Metropoli

Blog Al aire libre

La Sierra Roja en invierno

DATOS PRÁCTICOS

Situación. Sierra de Ayllón, Riaza, Segovia.

Cómo llegar. Desde Madrid por la autopista de Burgos A-1 hasta el kilómetro 104, sobrepasado el puerto de Somosierra, para continuar por la N-110, dirección Soria. Alcanzar Riaza y proseguir por la SG-V-1111 hasta el kilómetro 3 donde se toma el desvío a la derecha que en 2 kilómetros lleva a la ermita de la Virgen de Hontanares.

Distancia. 115 kilómetros desde Madrid.

Accesos. Seguir la carretera que lleva hasta la ermita y dejar el vehículo en el aparcamiento situado en la parte de debajo del templo. La ruta empieza por la carretera pasa delante de la entrada de la ermita.

Información. Ayuntamiento de Riaza. Tel: 921 550 016 y www.riaza.es.

La carretera atraviesa el robledal de Hontanares. Foto: Marga Estebaranz

Vea más fotos de la excursión

Apartada de las principales rutas y destinos habituales, la Sierra de Ayllón es la continuación hacia el Noreste de la Sierra de Guadarrama y son sus picos del Lobo, Las Buitreras y de la Cebollera, los últimos dos miles en esta parte del Sistema Central. Carece la serranía, sin embargo, los acentuados perfiles de la vecina Guadarrama, perdiendo intensidad en su altitud y relieve hasta que se funde con la intrincada geografía del macizo del Sonsaz, ya en tierras alcarreñas.

Esta situación a trasmano hace necesariamente solitarios los montes y sus caminos, al tiempo que permite conservar la esencia rural a los escasos y apenas poblados asentamientos que resisten  en el pie de sierra segoviano como Becerril, El Muyo, Serracín y Madriguera y que tienen en Riaza la capital de la comarca. Martín Muñoz de Ayllón es uno de estos enclaves. Adormecida aldea en la que los duros inviernos y el aislamiento han ido espantando a sus habitantes de los que apenas resiste una docena de almas.

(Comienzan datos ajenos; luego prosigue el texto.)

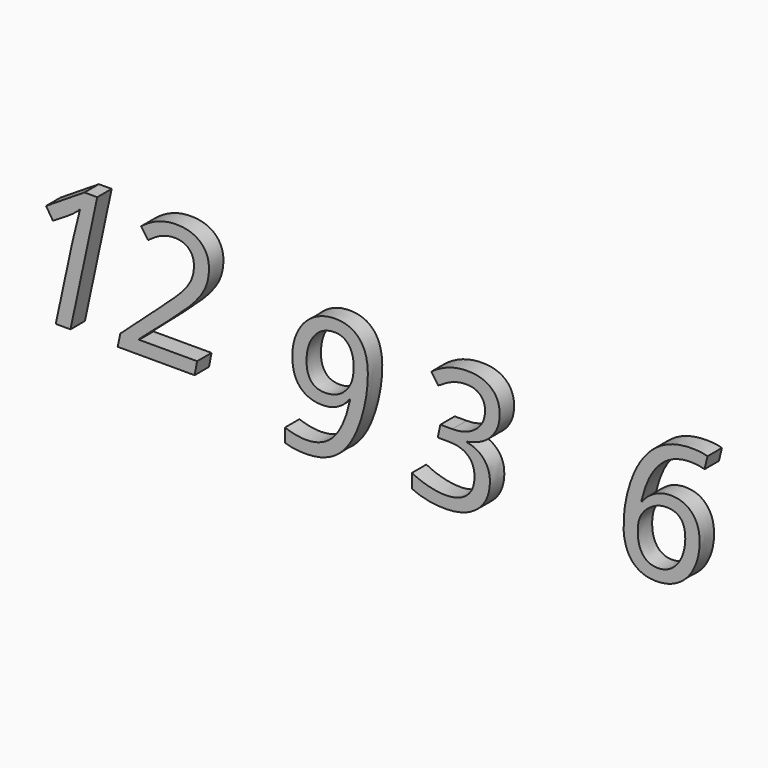
from build123d import *

# Parameters (mm, degrees)
F0_TEXT_SIZE = 24.6944444444
F1_DEPTH     = 2.54


# Not quite as in the source:
# - Text() gives the source's letters only with a copy of the font that has no kerning and outlines rounded to 1/6400 em; it was checked with that copy


with BuildPart() as f1:
    # F0 (on Front) → F1 (new body)
    with BuildSketch(Plane.XZ):
        with Locations((2.2556941977, 27.7397662651)):
            Text('3', F0_TEXT_SIZE, font='Open Sans', font_style=FontStyle.ITALIC, text_align=(TextAlign.LEFT, TextAlign.BOTTOM))
        with Locations((-52.3958396338, 32.5783248403)):
            Text('12', F0_TEXT_SIZE, font='Open Sans', font_style=FontStyle.ITALIC, text_align=(TextAlign.LEFT, TextAlign.BOTTOM))
        with Locations((31.0461162475, 28.4298419666)):
            Text('6', F0_TEXT_SIZE, font='Open Sans', font_style=FontStyle.ITALIC, text_align=(TextAlign.LEFT, TextAlign.BOTTOM))
        with Locations((-16.2547444332, 28.1623847497)):
            Text('9', F0_TEXT_SIZE, font='Open Sans', font_style=FontStyle.ITALIC, text_align=(TextAlign.LEFT, TextAlign.BOTTOM))
    extrude(amount=F1_DEPTH)


solid = f1.part
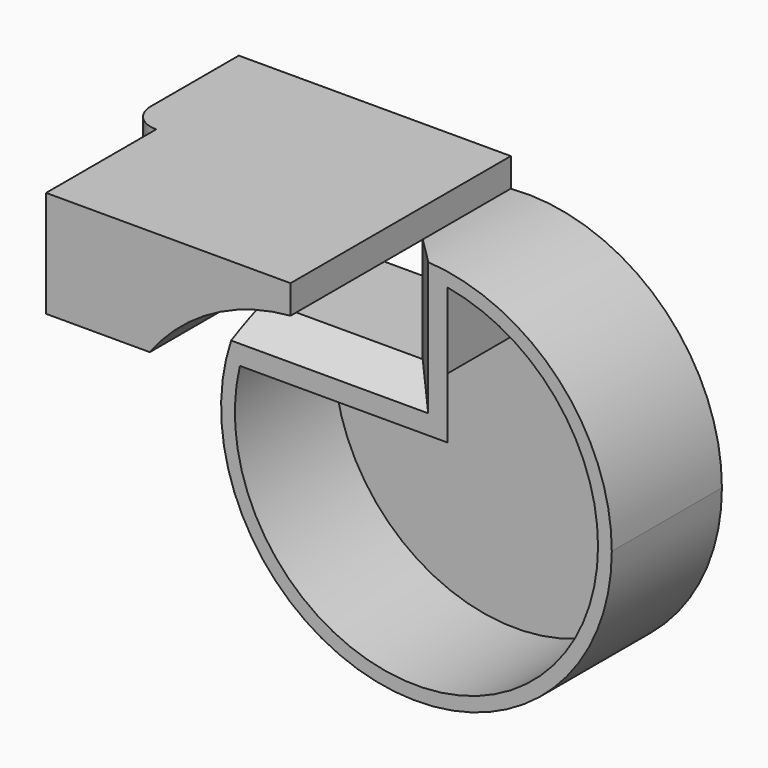
from build123d import *

# Parameters (mm, degrees)
F1_DEPTH = 25.4
F2_R     = 5.08
F3_SIZE  = 5.08
F4_T     = -2.54
F5_DEPTH = 25.4


with BuildPart() as f1:
    # F0 (on Front) → F1 (new body)
    with BuildSketch(Plane.XZ):
        with BuildLine():
            ThreePointArc((-32.0517227431, 16.4869092405), (-20.0009755061, 29.9848642803), (-2.9094549827, 35.925842771))
            Line((-2.9094549827, 35.925842771), (-2.9094549827, 41.2172712386))
            Line((-2.9094549827, 41.2172712386), (-53.0975461006, 41.2172712386))
            Line((-53.0975461006, 41.2172712386), (-53.0975461006, 16.4869092405))
            Line((-53.0975461006, 16.4869092405), (-32.0517227431, 16.4869092405))
        make_face()
    extrude(amount=F1_DEPTH)

    # F2
    f2_edges = [f1.edges().sort_by_distance(p)[0] for p in [
        (-53.097546, -25.4, 28.85209),
        (-42.574634, -25.4, 16.486909),
    ]]
    fillet(f2_edges, radius=F2_R)

    # F5 (add): a face of the model
    f5_faces = [f1.faces().sort_by_distance(p)[0] for p in [
        (-30.4342357223, -25.4, 33.0216663243),
    ]]
    extrude(f5_faces, amount=F5_DEPTH)


with BuildPart() as f1b:
    # F0 (on Front) → F1, piece 2 (new body)
    with BuildSketch(Plane.XZ):
        with BuildLine():
            ThreePointArc((-32.0517227431, 16.4869092405), (-8.4816294649, -35.0313155437), (36.0434613641, 0))
            ThreePointArc((36.0434613641, 0), (24.4362873494, 26.4952631178), (-2.9094549827, 35.925842771))
            Line((-2.9094549827, 35.925842771), (-2.9094549827, 16.4869092405))
            Line((-2.9094549827, 16.4869092405), (-32.0517227431, 16.4869092405))
        make_face()
    extrude(amount=F1_DEPTH)

    # F3
    f3_edges = [f1b.edges().sort_by_distance(p)[0] for p in [
        (-17.480589, -25.4, 16.486909),
        (-2.909455, -25.4, 26.206376),
    ]]
    chamfer(f3_edges, length=F3_SIZE)

    # F4
    f4_openings = [f1b.faces().sort_by_distance(p)[0] for p in [
        (2.458641, -25.4, -4.276447),
    ]]
    offset(amount=F4_T, openings=f4_openings, kind=Kind.INTERSECTION)


solid = Compound([f1.part, f1b.part])
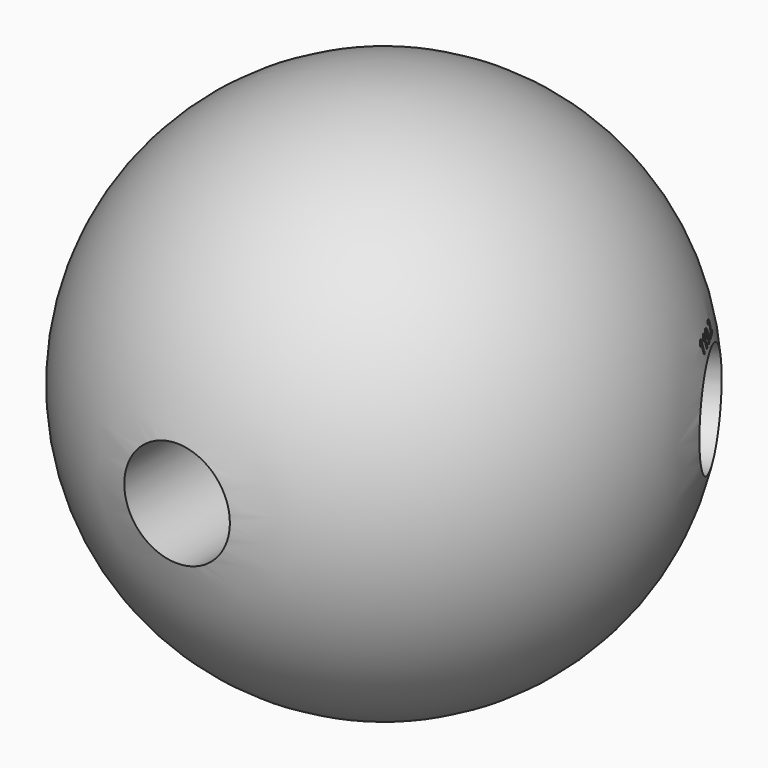
from build123d import *

# Parameters (mm, degrees)
F4_R          = 3.175
F5_DEPTH      = 25.4
F7_ANGLE      = 119.2
F8_ANGLE      = -119.2
F10_TEXT_SIZE = 1.1681194236
F11_DEPTH     = 2.413
F13_TEXT_SIZE = 1.0501690364
F14_DEPTH     = 2.1082


# Not quite as in the source:
# - Text() gives the source's letters only with a copy of the font that has no kerning and outlines rounded to 1/6400 em; it was checked with that copy


with BuildPart() as f2:
    # F0 (on Front) → F2 (revolve)
    with BuildSketch(Plane.XZ):
        with BuildLine():
            Line((0, -15.875), (0, 15.875))
            ThreePointArc((0, 15.875), (-15.875, 0), (0, -15.875))
        make_face()
    revolve(axis=Axis((0, 0, 0), (0, 0, 1)))

    # F10 (on offset) → F11 (cut)
    with BuildSketch(Plane(origin=(-14.4341157165, 8.0669546077, 0), x_dir=(-0.4878596591, -0.8729220773, 0), z_dir=(-0.8729220773, 0.4878596591, 0))):
        with Locations((-1.6862096963, 3.6194035783)):
            Text('119.2', F10_TEXT_SIZE, font='Open Sans', font_style=FontStyle.BOLD, text_align=(TextAlign.LEFT, TextAlign.BOTTOM))
    extrude(amount=-F11_DEPTH, mode=Mode.SUBTRACT)

    # F13 (on offset) → F14 (cut)
    with BuildSketch(Plane(origin=(14.5006323788, 8.1041295137, 0), x_dir=(-0.4878596591, 0.8729220773, 0), z_dir=(0.8729220773, 0.4878596591, 0))):
        with Locations((-1.4730878174, 3.4820353612)):
            Text('119.2', F13_TEXT_SIZE, font='Open Sans', font_style=FontStyle.BOLD, text_align=(TextAlign.LEFT, TextAlign.BOTTOM))
    extrude(amount=-F14_DEPTH, mode=Mode.SUBTRACT)


with BuildPart() as f5:
    # F4 (on offset) → F5 (new body)
    with BuildSketch(Plane.XZ.offset(6.35)):
        Circle(F4_R)
    extrude(amount=F5_DEPTH)


with BuildPart() as f7_1:
    # F7: copy of F5
    add(f5.part.rotate(Axis((0, 0, 6.8211313337), (0, 0, -1)), F7_ANGLE))


with BuildPart() as f8_1:
    # F8: copy of F5
    add(f5.part.rotate(Axis((0, 0, 6.8211313337), (0, 0, -1)), F8_ANGLE))


with BuildPart() as f2_1:
    add(f2.part)

    # F15: cut F7_1
    add(f7_1.part, mode=Mode.SUBTRACT)

    # F16: cut F8_1
    add(f8_1.part, mode=Mode.SUBTRACT)

    # F17: cut F5
    add(f5.part, mode=Mode.SUBTRACT)


solid = f2_1.part
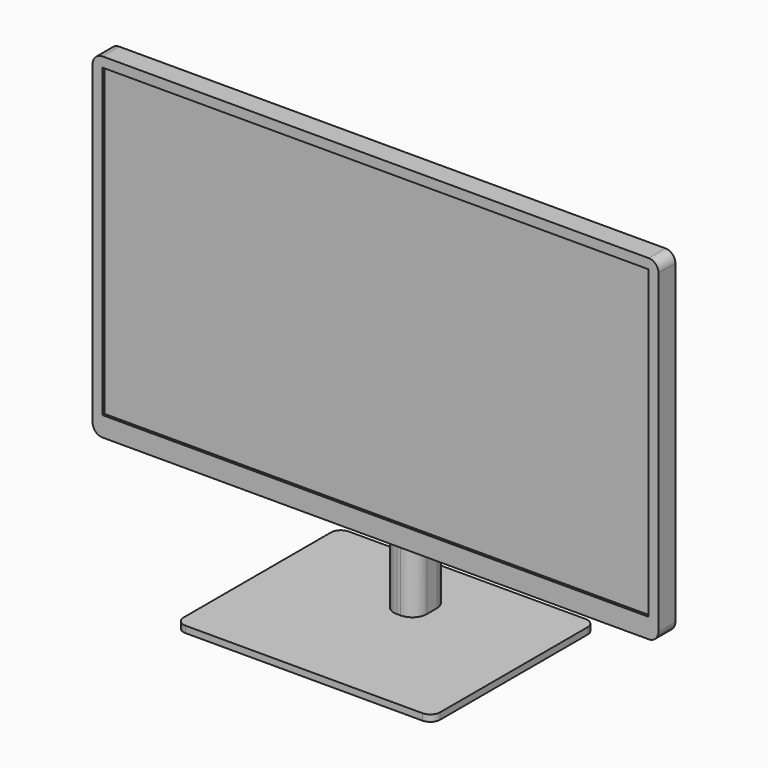
from build123d import *

# Parameters (mm, degrees)
F1_DEPTH = 6.35
F3_DEPTH = 114.3
F5_DEPTH = 101.6
F7_DEPTH = 20.32
F8_W     = 527.05
F8_H     = 295.275
F9_DEPTH = 2.54


with BuildPart() as f1:
    # F0 (on Top) → F1 (new body)
    with BuildSketch(Plane.XY):
        with BuildLine():
            Line((-114.3, -98.425), (114.3, -98.425))
            ThreePointArc((114.3, -98.425), (121.0351920908, -95.6351920908), (123.825, -88.9))
            Line((123.825, -88.9), (123.825, 88.9))
            ThreePointArc((123.825, 88.9), (121.0351920908, 95.6351920908), (114.3, 98.425))
            Line((114.3, 98.425), (-114.3, 98.425))
            ThreePointArc((-114.3, 98.425), (-121.0351920908, 95.6351920908), (-123.825, 88.9))
            Line((-123.825, 88.9), (-123.825, -88.9))
            ThreePointArc((-123.825, -88.9), (-121.0351920908, -95.6351920908), (-114.3, -98.425))
        make_face()
    extrude(amount=F1_DEPTH)

    # F2 (on face) → F3 (join)
    with BuildSketch(Plane.XY.offset(6.35)):
        with BuildLine():
            Line((-1.905, 15.875), (1.905, 15.875))
            ThreePointArc((1.905, 15.875), (11.7832817332, 19.9667182668), (15.875, 29.845))
            Line((15.875, 29.845), (15.875, 42.037))
            ThreePointArc((15.875, 42.037), (11.7832817332, 51.9152817332), (1.905, 56.007))
            Line((1.905, 56.007), (-1.905, 56.007))
            ThreePointArc((-1.905, 56.007), (-11.7832817332, 51.9152817332), (-15.875, 42.037))
            Line((-15.875, 42.037), (-15.875, 29.845))
            ThreePointArc((-15.875, 29.845), (-11.7832817332, 19.9667182668), (-1.905, 15.875))
        make_face()
    extrude(amount=F3_DEPTH)

    # F4 (on face) → F5 (join)
    with BuildSketch(Plane.XY.offset(120.65)):
        with BuildLine():
            ThreePointArc((-15.875, 42.037), (-13.9930859093, 49.0397908043), (-8.8543730782, 54.1558742802))
            Line((-8.8543730782, 54.1558742802), (-88.9, 8.255))
            Line((-88.9, 8.255), (88.9, 8.255))
            Line((88.9, 8.255), (8.8543730782, 54.1558742802))
            ThreePointArc((8.8543730782, 54.1558742802), (13.9930859093, 49.0397908043), (15.875, 42.037))
            Line((15.875, 42.037), (15.875, 29.845))
            ThreePointArc((15.875, 29.845), (11.7832817332, 19.9667182668), (1.905, 15.875))
            Line((1.905, 15.875), (-1.905, 15.875))
            ThreePointArc((-1.905, 15.875), (-11.7832817332, 19.9667182668), (-15.875, 29.845))
            Line((-15.875, 29.845), (-15.875, 42.037))
        make_face()
        with BuildLine():
            ThreePointArc((-1.905, 56.007), (-5.5008466531, 55.536288383), (-8.8543730782, 54.1558742802))
            ThreePointArc((-8.8543730782, 54.1558742802), (-13.9930859093, 49.0397908043), (-15.875, 42.037))
            Line((-15.875, 42.037), (-15.875, 29.845))
            ThreePointArc((-15.875, 29.845), (-11.7832817332, 19.9667182668), (-1.905, 15.875))
            Line((-1.905, 15.875), (1.905, 15.875))
            ThreePointArc((1.905, 15.875), (11.7832817332, 19.9667182668), (15.875, 29.845))
            Line((15.875, 29.845), (15.875, 42.037))
            ThreePointArc((15.875, 42.037), (13.9930859093, 49.0397908043), (8.8543730782, 54.1558742802))
            ThreePointArc((8.8543730782, 54.1558742802), (5.5008466531, 55.536288383), (1.905, 56.007))
            Line((1.905, 56.007), (-1.905, 56.007))
        make_face()
    extrude(amount=F5_DEPTH)

    # F6 (on face) → F7 (join)
    with BuildSketch(Plane.XZ.offset(-8.255)):
        with BuildLine():
            Line((263.525, 406.4), (-263.525, 406.4))
            ThreePointArc((-263.525, 406.4), (-270.2601920908, 403.6101920908), (-273.05, 396.875))
            Line((-273.05, 396.875), (-273.05, 92.075))
            ThreePointArc((-273.05, 92.075), (-270.2601920908, 85.3398079092), (-263.525, 82.55))
            Line((-263.525, 82.55), (263.525, 82.55))
            ThreePointArc((263.525, 82.55), (270.2601920908, 85.3398079092), (273.05, 92.075))
            Line((273.05, 92.075), (273.05, 396.875))
            ThreePointArc((273.05, 396.875), (270.2601920908, 403.6101920908), (263.525, 406.4))
        make_face()
    extrude(amount=F7_DEPTH)

    # F8 (on face) → F9 (cut)
    with BuildSketch(Plane.XZ.offset(12.065)):
        with Locations((0, 249.2375)):
            Rectangle(F8_W, F8_H)
    extrude(amount=-F9_DEPTH, mode=Mode.SUBTRACT)


solid = f1.part

Una remota excursión lleva desde el Santuario de Hontanares, el más señero enclave de Ayllón, cercano a la importante Riaza, a través de robledales y campos tan solitarios como fríos. Aseguran los biólogos, que hace tiempo el lobo ha vuelto a repoblar estos montes, en su expansión desde las tierras del Duero. Nada ve ni escucha el caminante que, sin embargo, disfruta del colorido de los espesos robledales en medio de un paisaje recién nevado, cuyas hojas tintan de rojo el paisaje. No es por esto por lo que el Ayllón también es conocido como la Sierra Roja, sino por el color de sus tierras y el de los edificios de sus poblaciones, cuya arquitectura popular utiliza el material serrano y es contrapunto de la que se localiza al otro lado de las montañas, en Castilla-La Mancha, la no menos reconocida arquitectura de los pueblos negros.

El primer tramo del camino tiene un trecho empinado. Foto: Marga Estebaranz

Arranca la marcha en la citada ermita de Hontanares, donde nada más salir, la soledad del entorno empapa al caminante en unos bosques nevados que mantienen agarrada la niebla entre sus ramas. En suave cuesta arriba, circula la carretera por el interior del espeso robledal hasta un área recreativa, punto donde desaparece el asfalto, a un kilómetro del templo.

Mirador de Peñasllanas

Al otro lado de una talanquera abierta en una cerca de alambra se inicia el ancho camino que desciende la ladera rumbo a Martín Muñoz. Antes de acometerlo, desviarse por el segundo camino que lleva al cercano mirador de Peñasllanas, recomendable atalaya que se alza en una proa del roquedo y desde la que se contempla, siempre que lo permita la niebla, la llanada segoviana.

De vuelta al camino de Martín Muñoz, al otro lado del cercano empieza un importante descenso al tiempo que se sumerge en el cerrado robledal que la nieve que cubre la sierra resalta los tonos encendidos de su hojarasca, marea roja mecida con suave insistencia por el viento que poco a poco despeja las nieblas. Esporádicas marcas fucsias sobre piedras y troncos dirigen el rumbo de la senda, que concluye en una pista que recorre horizontal la ladera. Tomarla a mano derecha, siguiéndola hasta un cortafuegos que a la izquierda continúa el descenso hacia el pie de la montaña. Es un largo trecho que recorre la parte más espesa del robledo y alcanza los campos de labor de las afueras de Martín Muñoz. Cruzarlos hasta entroncar con la pista por la que se alcanza el pueblo.

El mirador de Piedrasllanas después de una ventisca. Foto: Alfredo Merino

FICHA

Tiempo: Entre 2 y 5 horas, según el estado de caminos y pistas.

Longitud: 16 kilómetros el recorrido ida y vuelta.

Desnivel: 384 metros (Mirador Peñasllanas, 1.491 metros, Martín Muñoz de Ayllón, 1.107 metros).

Recorrido. Ruta lineal

Regreso. Por el mismo camino que a la ida.

Dificultad. La ruta discurre por caminos y pistas sencillas. La única dificultad puede derivar de la presencia de nieve abundante, lo que supondrá abrir huella, o de barro después de lluvia. Posible presencia de hielo en algunos lugares.

Material. Botas de marcha, guetres y ropa de abrigo en invierno. Los bastones son recomendables.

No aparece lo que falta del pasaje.